6. The liquid preparation composition with fluidity of claim 1, wherein the DNA fragment mixture is at least one selected from the group consisting of polydeoxyribonucleotides and polynucleotides.

7. The liquid preparation composition with fluidity of claim 1, wherein the DNA fragment mixture is separated from testes or semen of fish.

8. The liquid preparation composition with fluidity of claim 7, wherein the fish belongs to the Salmonidae family.

9. The liquid preparation composition with fluidity of claim 2, wherein the cationic additive is at least one selected from the group consisting of a cationic peptide, a cationic lipid, and a cationic polymer.

10. The liquid preparation composition with fluidity of claim 9, wherein the cationic peptide is at least one selected from the group consisting of polylysine, protamine, and a cationic fusogenic peptide (KALA).

11. The liquid preparation composition with fluidity of claim 9, wherein the cationic lipid is at least one selected from the group consisting of N-[1-(2,3-dioleoyloxy)propyl]-N,N,N-trimethylammonium chloride, 1,2-dioleoyloxy-3-(trimethylammonio)propane, 1,2-dioleoyl-3-(4′-trimethylammonio)butanoyl-sn-glycerol, 1,2-diacyl-3-dimethylammonium-propane, 1,2-diacyl-3-trimethylammonium-propane, 1,2-diacyl-sn-glycerol-3-ethylphosphocholine, 3ß-[N-(N′,N′-dimethylaminoethane)-carbamoyl]cholesterol, dimethyldioctadecylammonium bromide, and a copolymer thereof.

12. The liquid preparation composition with fluidity of claim 9, wherein the cationic polymer is at least one selected from the group consisting of chitosan, spermine, putrescine, cadaverine, and spermidine.

13. The liquid preparation composition with fluidity of claim 1, wherein the liquid preparation composition is further mixed with at least one selected from the group consisting of hyaluronic acid, carboxymethyl cellulose, collagen, alginate, poloxamer, antibodies, proteins, peptides, microRNA (miRNA), small interfering RNA (siRNA), aptamers, chemical drugs, and bone graft materials.

14. The liquid preparation composition with fluidity of claim 1, wherein the liquid preparation composition is used as an injection preparation, a liquid preparation, a cream preparation, an ointment preparation, a gel preparation, a lotion preparation, a solution preparation for internal use, a solution preparation for external use, and a percutaneous absorption preparation.

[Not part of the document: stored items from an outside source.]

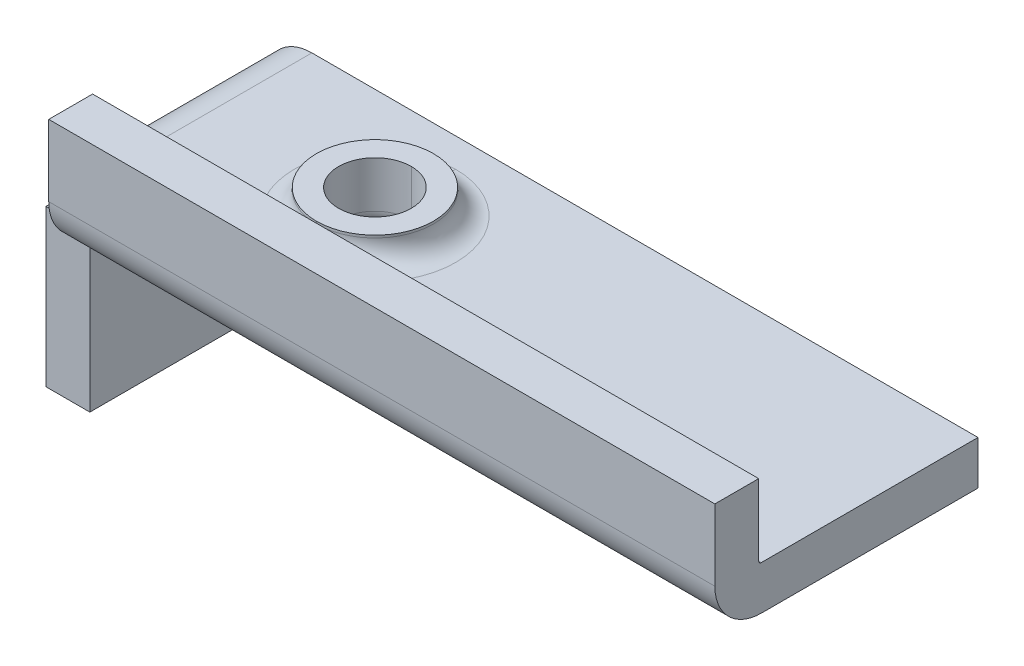
ISO-10303-21;
HEADER;
FILE_DESCRIPTION(('STEP AP214'),'2;1');
FILE_NAME('part.step','',(''),(''),'','','');
FILE_SCHEMA(('AUTOMOTIVE_DESIGN { 1 0 10303 214 1 1 1 1 }'));
ENDSEC;
DATA;
#1=APPLICATION_CONTEXT('core data for automotive mechanical design processes');
#2=APPLICATION_PROTOCOL_DEFINITION('international standard','automotive_design',2000,#1);
#3=PRODUCT_CONTEXT('',#1,'mechanical');
#4=PRODUCT('Part','Part','',(#3));
#5=PRODUCT_RELATED_PRODUCT_CATEGORY('part','',(#4));
#6=PRODUCT_DEFINITION_FORMATION('','',#4);
#7=PRODUCT_DEFINITION_CONTEXT('part definition',#1,'design');
#8=PRODUCT_DEFINITION('design','',#6,#7);
#9=PRODUCT_DEFINITION_SHAPE('','',#8);
#10=(LENGTH_UNIT() NAMED_UNIT(*) SI_UNIT(.MILLI.,.METRE.));
#11=(NAMED_UNIT(*) PLANE_ANGLE_UNIT() SI_UNIT($,.RADIAN.));
#12=(NAMED_UNIT(*) SI_UNIT($,.STERADIAN.) SOLID_ANGLE_UNIT());
#13=UNCERTAINTY_MEASURE_WITH_UNIT(LENGTH_MEASURE(1.E-05),#10,'distance_accuracy_value','');
#14=(GEOMETRIC_REPRESENTATION_CONTEXT(3) GLOBAL_UNCERTAINTY_ASSIGNED_CONTEXT((#13)) GLOBAL_UNIT_ASSIGNED_CONTEXT((#10,
#11,#12)) REPRESENTATION_CONTEXT('',''));
#15=CARTESIAN_POINT('',(0.,0.,0.));
#16=DIRECTION('',(0.,0.,1.));
#17=DIRECTION('',(1.,0.,0.));
#18=AXIS2_PLACEMENT_3D('',#15,#16,#17);
#19=CARTESIAN_POINT('',(-244.16652593928,215.2345812999,10.99999992174));
#20=DIRECTION('',(0.,1.,0.));
#21=DIRECTION('',(0.,0.,1.));
#22=AXIS2_PLACEMENT_3D('',#19,#20,#21);
#23=TOROIDAL_SURFACE('',#22,2.135,0.81);
#24=CARTESIAN_POINT('',(-244.16652593928,215.2345812999,10.99999992174));
#25=DIRECTION('',(0.,1.,0.));
#26=DIRECTION('',(0.,0.,1.));
#27=AXIS2_PLACEMENT_3D('',#24,#25,#26);
#28=CIRCLE('',#27,1.325);
#29=CARTESIAN_POINT('',(-244.16652593928,215.2345812999,12.32499992174));
#30=VERTEX_POINT('',#29);
#31=CARTESIAN_POINT('',(-244.16652593928,215.2345812999,9.67499992174));
#32=VERTEX_POINT('',#31);
#33=EDGE_CURVE('E11',#30,#32,#28,.T.);
#34=ORIENTED_EDGE('',*,*,#33,.T.);
#35=CARTESIAN_POINT('',(-244.16652593928,215.2345812999,8.86499992174));
#36=DIRECTION('',(1.,0.,0.));
#37=DIRECTION('',(0.,0.,1.));
#38=AXIS2_PLACEMENT_3D('',#35,#36,#37);
#39=CIRCLE('',#38,0.81);
#40=CARTESIAN_POINT('',(-244.16652593928,214.4245812999,8.86499992174));
#41=VERTEX_POINT('',#40);
#42=EDGE_CURVE('E416',#32,#41,#39,.T.);
#43=ORIENTED_EDGE('',*,*,#42,.T.);
#44=CARTESIAN_POINT('',(-244.16652593928,214.4245812999,10.99999992174));
#45=DIRECTION('',(0.,1.,0.));
#46=DIRECTION('',(0.,0.,1.));
#47=AXIS2_PLACEMENT_3D('',#44,#45,#46);
#48=CIRCLE('',#47,2.135);
#49=CARTESIAN_POINT('',(-244.16652593928,214.4245812999,13.13499992174));
#50=VERTEX_POINT('',#49);
#51=EDGE_CURVE('E405',#50,#41,#48,.T.);
#52=ORIENTED_EDGE('',*,*,#51,.F.);
#53=CARTESIAN_POINT('',(-244.16652593928,215.2345812999,13.13499992174));
#54=DIRECTION('',(-1.,0.,0.));
#55=DIRECTION('',(0.,0.,-1.));
#56=AXIS2_PLACEMENT_3D('',#53,#54,#55);
#57=CIRCLE('',#56,0.81);
#58=EDGE_CURVE('E413',#30,#50,#57,.T.);
#59=ORIENTED_EDGE('',*,*,#58,.F.);
#60=EDGE_LOOP('',(#34,#43,#52,#59));
#61=FACE_BOUND('',#60,.T.);
#62=ADVANCED_FACE('F16',(#61),#23,.T.);
#63=CARTESIAN_POINT('',(-244.16652593928,216.0795812999,10.99999992174));
#64=DIRECTION('',(0.,-1.,0.));
#65=DIRECTION('',(0.,0.,1.));
#66=AXIS2_PLACEMENT_3D('',#63,#64,#65);
#67=CYLINDRICAL_SURFACE('',#66,1.325);
#68=CARTESIAN_POINT('',(-244.16652593928,216.9245812999,10.99999992174));
#69=DIRECTION('',(0.,-1.,0.));
#70=DIRECTION('',(0.,0.,-1.));
#71=AXIS2_PLACEMENT_3D('',#68,#69,#70);
#72=CIRCLE('',#71,1.325);
#73=CARTESIAN_POINT('',(-244.16652593928,216.9245812999,9.67499992174));
#74=VERTEX_POINT('',#73);
#75=CARTESIAN_POINT('',(-244.16652593928,216.9245812999,12.32499992174));
#76=VERTEX_POINT('',#75);
#77=EDGE_CURVE('E163',#74,#76,#72,.T.);
#78=ORIENTED_EDGE('',*,*,#77,.F.);
#79=DIRECTION('',(0.,1.,0.));
#80=VECTOR('',#79,1.);
#81=CARTESIAN_POINT('',(-244.16652593928,215.2345812999,9.67499992174));
#82=LINE('',#81,#80);
#83=EDGE_CURVE('E174',#32,#74,#82,.T.);
#84=ORIENTED_EDGE('',*,*,#83,.F.);
#85=ORIENTED_EDGE('',*,*,#33,.F.);
#86=DIRECTION('',(0.,1.,0.));
#87=VECTOR('',#86,1.);
#88=CARTESIAN_POINT('',(-244.16652593928,215.2345812999,12.32499992174));
#89=LINE('',#88,#87);
#90=EDGE_CURVE('E423',#30,#76,#89,.T.);
#91=ORIENTED_EDGE('',*,*,#90,.T.);
#92=EDGE_LOOP('',(#78,#84,#85,#91));
#93=FACE_BOUND('',#92,.T.);
#94=ADVANCED_FACE('F438',(#93),#67,.F.);
#95=CARTESIAN_POINT('',(-244.16652593928,216.8795812999,10.99999992174));
#96=DIRECTION('',(0.,-1.,0.));
#97=DIRECTION('',(0.,0.,1.));
#98=AXIS2_PLACEMENT_3D('',#95,#96,#97);
#99=CYLINDRICAL_SURFACE('',#98,2.135);
#100=CARTESIAN_POINT('',(-244.16652593928,216.8345812999,10.99999992174));
#101=DIRECTION('',(0.,-1.,0.));
#102=DIRECTION('',(0.,0.,-1.));
#103=AXIS2_PLACEMENT_3D('',#100,#101,#102);
#104=CIRCLE('',#103,2.135);
#105=CARTESIAN_POINT('',(-244.16652593928,216.8345812999,8.86499992174));
#106=VERTEX_POINT('',#105);
#107=CARTESIAN_POINT('',(-244.16652593928,216.8345812999,13.13499992174));
#108=VERTEX_POINT('',#107);
#109=EDGE_CURVE('E26',#106,#108,#104,.T.);
#110=ORIENTED_EDGE('',*,*,#109,.F.);
#111=DIRECTION('',(0.,1.,0.));
#112=VECTOR('',#111,1.);
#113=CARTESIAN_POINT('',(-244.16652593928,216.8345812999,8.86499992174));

15. The liquid preparation composition with fluidity of claim 1, wherein the liquid preparation composition is prepared through a procedure comprising:

a first step of adding the DNA fragment mixture to a buffer solution, followed by dissolution at a high temperature of 80° C. or higher using a heat stirrer, thereby preparing a DNA fragment mixture stock solution;

a second step of adding the cationic additive to a buffer solution, followed by dissolution, thereby preparing a cationic additive stock solution; and

a third step of mixing the DNA fragment mixture stock solution in the first step and the cationic additive stock solution in the second step in the heat stirrer at 80° C. or higher and lowering the temperature to room temperature while stirring.